Lo Stato fu riorganizzato secondo criteri ispirati al pensiero neo-confuciano di Chu Hsi e tutte le classi sociali furono sottoposte a uno stretto controllo. La rigidezza nel sistema interno fu accompagnata da una totale chiusura verso l'esterno, chiusura che bloccava i commerci e comportava la proibizione e la persecuzione del cristianesimo. Per circa 200 anni il Paese conobbe una relativa pace e prosperità.Durante questo periodo le guerre civili feudali, i sentimenti inquieti e le più intime emozioni che da secoli affliggevano il Giappone, cominciavano a scomparire. La mancanza di guerre comportò il fatto che non ci fu più l'esigenza di combattere per uccidere i nemici, così le numerose scuole di combattimento create dai Ronin (Samurai senza padrone) raffinarono le tecniche perfezionando leve e bloccaggi, che permettevano di controllare l'avversario con facilità, senza la necessità di ucciderlo o ferirlo gravemente. Lo scopo delle tecniche si spostò verso forme di combattimento a mani nude e ovunque tutte queste furono riconosciute nell'insieme come Ju Jitsu.
All'inizio del XIX sec., per ragioni interne dovute a pressioni internazionali, il sistema entrò in una crisi culminata nel 1853 con l'arrivo del commodoro Perry, latore delle richieste americane di apertura. In un clima di grande incertezza politica, venne firmato il Trattato di Kanagawa (1854) che aprì alle navi americane i porti di Shimoda e Hakodate. Seguirono analoghi trattati con Gran Bretagna, Russia, Francia e Olanda. Ciò porto a un periodo di forti tensioni interne e nel 1867 le forze nazionaliste ottenevano la resa dell'ultimo Shogun e la caduta definitiva del governo militare. Così, dopo secoli, il potere effettivo ritornò nelle mani dell'imperatore, nella persona di Mutsuhito.

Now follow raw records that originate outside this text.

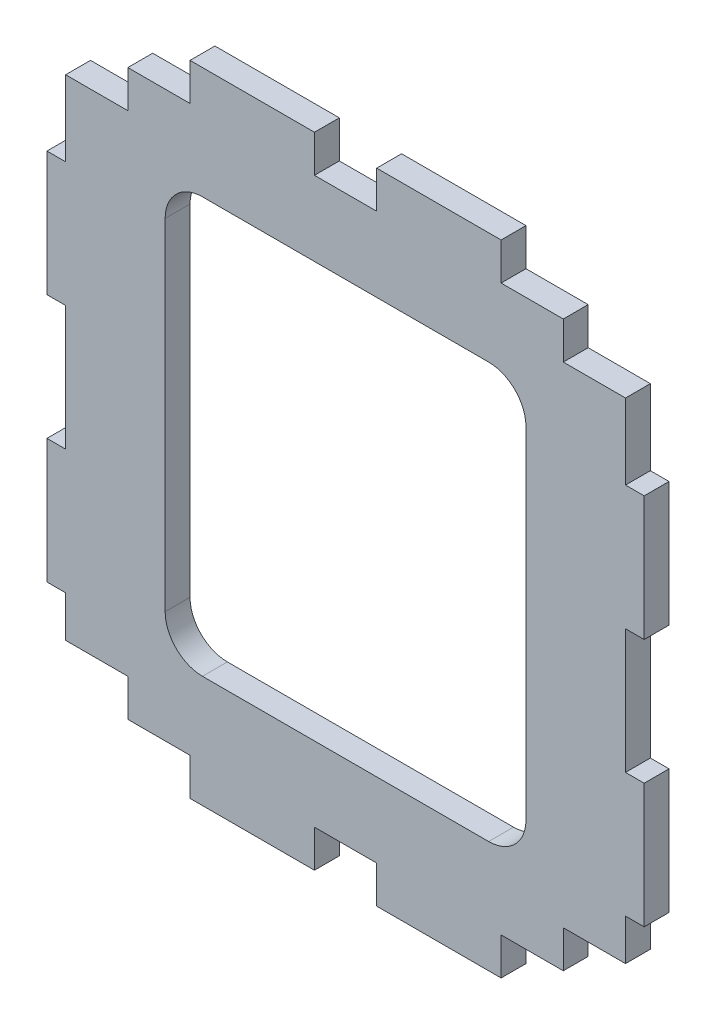
SolidWorks part; units mm, degrees
ref_plane "前视基准面" through (0, 0, 0) normal (0, 0, 1) x (1, 0, 0)
ref_plane "上视基准面" through (0, 0, 0) normal (0, 1, 0) x (1, 0, 0)
ref_plane "右视基准面" through (0, 0, 0) normal (1, 0, 0) x (0, 0, -1)
sketch "Model" plane through (0, 0, 0) normal (0, 0, 1) x (1, 0, 0)
  line L0 (682.1514, 151.3427) -> (685.1514, 151.3427)
  line L1 (685.1514, 151.3427) -> (685.1514, 154.3427)
  line L2 (685.1514, 154.3427) -> (690.1514, 154.3427)
  line L3 (690.1514, 154.3427) -> (690.1514, 157.3427)
  line L4 (690.1514, 157.3427) -> (700.1514, 157.3427)
  line L5 (700.1514, 157.3427) -> (700.1514, 154.3427)
  line L6 (700.1514, 154.3427) -> (705.1514, 154.3427)
  line L7 (705.1514, 154.3427) -> (705.1514, 157.3427)
  line L8 (705.1514, 157.3427) -> (715.1514, 157.3427)
  line L9 (715.1514, 157.3427) -> (715.1514, 154.3427)
  line L10 (715.1514, 154.3427) -> (720.1514, 154.3427)
  line L11 (726.6514, 115.2827) -> (725.1514, 115.2827)
  line L12 (725.1514, 115.2827) -> (725.1514, 111.9727)
  line L13 (725.1514, 111.9727) -> (720.1514, 111.9727)
  line L14 (720.1514, 111.9727) -> (720.1514, 108.9727)
  line L15 (680.1514, 145.2827) -> (678.6514, 145.2827)
  line L16 (678.6514, 145.2827) -> (678.6514, 135.2827)
  line L17 (678.6514, 135.2827) -> (680.1514, 135.2827)
  line L18 (680.1514, 125.2827) -> (678.6514, 125.2827)
  line L19 (678.6514, 125.2827) -> (678.6514, 115.2827)
  line L20 (678.6514, 115.2827) -> (680.1514, 115.2827)
  line L21 (680.1514, 115.2827) -> (680.1514, 111.9727)
  line L22 (680.1514, 111.9727) -> (685.1514, 111.9727)
  line L23 (685.1514, 111.9727) -> (685.1514, 108.9727)
  line L24 (685.1514, 108.9727) -> (690.1514, 108.9727)
  line L25 (690.1514, 108.9727) -> (690.1514, 105.9727)
  line L26 (690.1514, 105.9727) -> (700.1514, 105.9727)
  line L27 (700.1514, 105.9727) -> (700.1514, 108.9727)
  line L28 (700.1514, 108.9727) -> (705.1514, 108.9727)
  line L29 (705.1514, 108.9727) -> (705.1514, 105.9727)
  line L30 (705.1514, 105.9727) -> (715.1514, 105.9727)
  line L31 (715.1514, 105.9727) -> (715.1514, 108.9727)
  line L32 (715.1514, 108.9727) -> (720.1514, 108.9727)
  line L33 (714.1514, 148.3427) -> (691.1514, 148.3427)
  line L34 (717.1514, 145.3427) -> (717.1514, 117.9727)
  line L35 (714.1514, 114.9727) -> (691.1514, 114.9727)
  line L36 (688.1514, 145.3427) -> (688.1514, 117.9727)
  line L37 (680.1514, 130.0727) -> (680.1514, 125.2827)
  line L38 (680.1514, 130.0727) -> (680.1514, 135.2827)
  line L39 (682.1514, 151.3427) -> (680.1514, 151.3427)
  line L40 (680.1514, 145.2827) -> (680.1514, 151.3427)
  line L41 (723.1514, 151.3427) -> (720.1514, 151.3427)
  line L42 (720.1514, 151.3427) -> (720.1514, 154.3427)
  line L43 (725.1514, 145.2827) -> (726.6514, 145.2827)
  line L44 (726.6514, 145.2827) -> (726.6514, 135.2827)
  line L45 (726.6514, 135.2827) -> (725.1514, 135.2827)
  line L46 (725.1514, 125.2827) -> (726.6514, 125.2827)
  line L47 (726.6514, 125.2827) -> (726.6514, 115.2827)
  line L48 (725.1514, 130.0727) -> (725.1514, 125.2827)
  line L49 (725.1514, 130.0727) -> (725.1514, 135.2827)
  line L50 (723.1514, 151.3427) -> (725.1514, 151.3427)
  line L51 (725.1514, 145.2827) -> (725.1514, 151.3427)
  arc A0 (691.1514, 148.3427) -> (688.1514, 145.3427) centre (691.1514, 145.3427) ccw
  arc A1 (717.1514, 145.3427) -> (714.1514, 148.3427) centre (714.1514, 145.3427) ccw
  arc A2 (714.1514, 114.9727) -> (717.1514, 117.9727) centre (714.1514, 117.9727) ccw
  arc A3 (688.1514, 117.9727) -> (691.1514, 114.9727) centre (691.1514, 117.9727) ccw
extrude "凸台-拉伸1" add sketch "Model" along normal blind 2
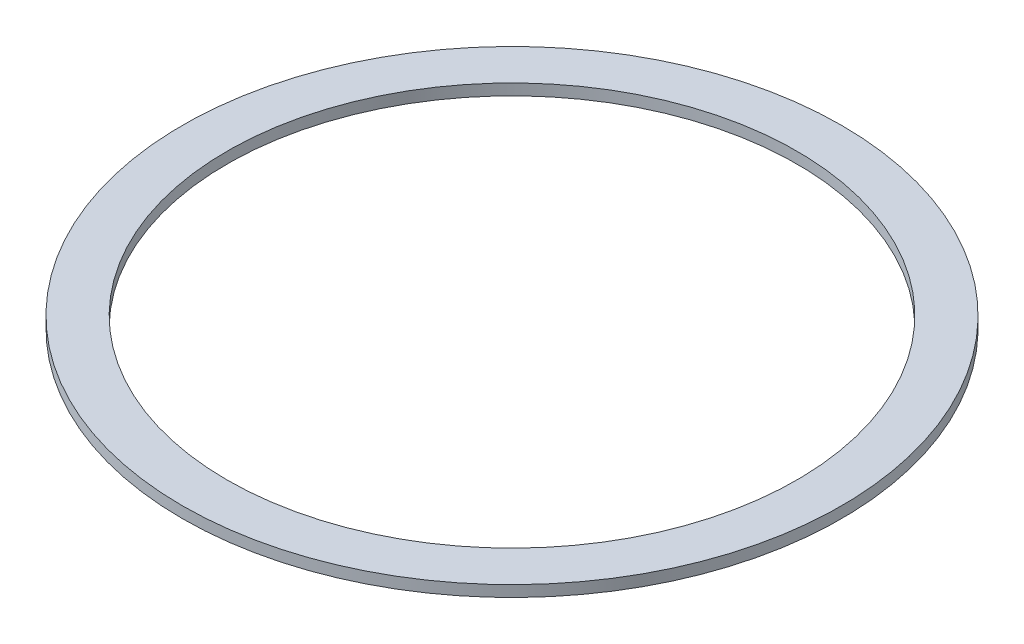
SolidWorks part; units mm, degrees
ref_plane "Front Plane" through (0, 0, 0) normal (0, 0, 1) x (1, 0, 0)
ref_plane "Top Plane" through (0, 0, 0) normal (0, 1, 0) x (1, 0, 0)
ref_plane "Right Plane" through (0, 0, 0) normal (1, 0, 0) x (0, 0, -1)
sketch "Sketch1" plane through (0, 0, 0) normal (0, 1, 0) x (1, 0, 0)
  circle A0 centre (0, 0) radius 255
  circle A1 centre (0, 0) radius 295
  dimension "D1" = 510
  dimension "D2" = 590
  dimension "D3" = 40
extrude "Boss-Extrude1" add sketch "Sketch1" along normal mid plane 10

Parecchi Samurai avevano sostenuto lo Shogun durante la guerra e perciò persero il ruolo e la stima quando il potere fu nelle mani dell'Imperatore. Fu introdotta una legge imperiale che mise fuori legge la pratica del Ju-Jitsu e proibì ai Samurai di portare armi in pubblico. Nel 1882 Jigoro Kano utilizzò la sua conoscenza ed esperienza di Ju-Jitsu per creare una disciplina sportiva chiamata Judo che si basa sulle proiezioni e la lotta a terra. Nel 1925 Ueshiba Morihei, un Maestro di Daito Ryu Aiki-Jujitsu, concentrandosi sulle leve creò quello che è noto come Aikido. Alcuni Maestri di Ju-Jitsu tuttavia continuarono ad esercitare di nascosto, o emigrarono in altri Paesi. Durante questo periodo il Ju-Jitsu fu quasi perduto. Fu durante questa oppressione che i primi esponenti di tale Arte giunsero in Gran Bretagna.La messa al bando del Ju-Jitsu fu revocata in Giappone solo verso la metà del 20°secolo, permettendone la libera pratica.
Il Ju-Jitsu è diventato la base per altre arti marziali piuttosto recenti e tradotto significa "arte della cedevolezza" (Ju = cedevolezza, è la forza flessibile che si piega per resistere; Jitsu = tecnica, arte), perché apparentemente cede alla forza dell'avversario, solo per controllarla e dirigerla contro di esso, un'arte dove tecniche di percussione su punti di pressione, calci, proiezioni, lotta a terra, bloccaggi e leve articolari sono combinate per neutralizzare con facilità un aggressore. È stato detto che attaccare un esperto nel Ju Jitsu equivale ad attaccare sé stessi.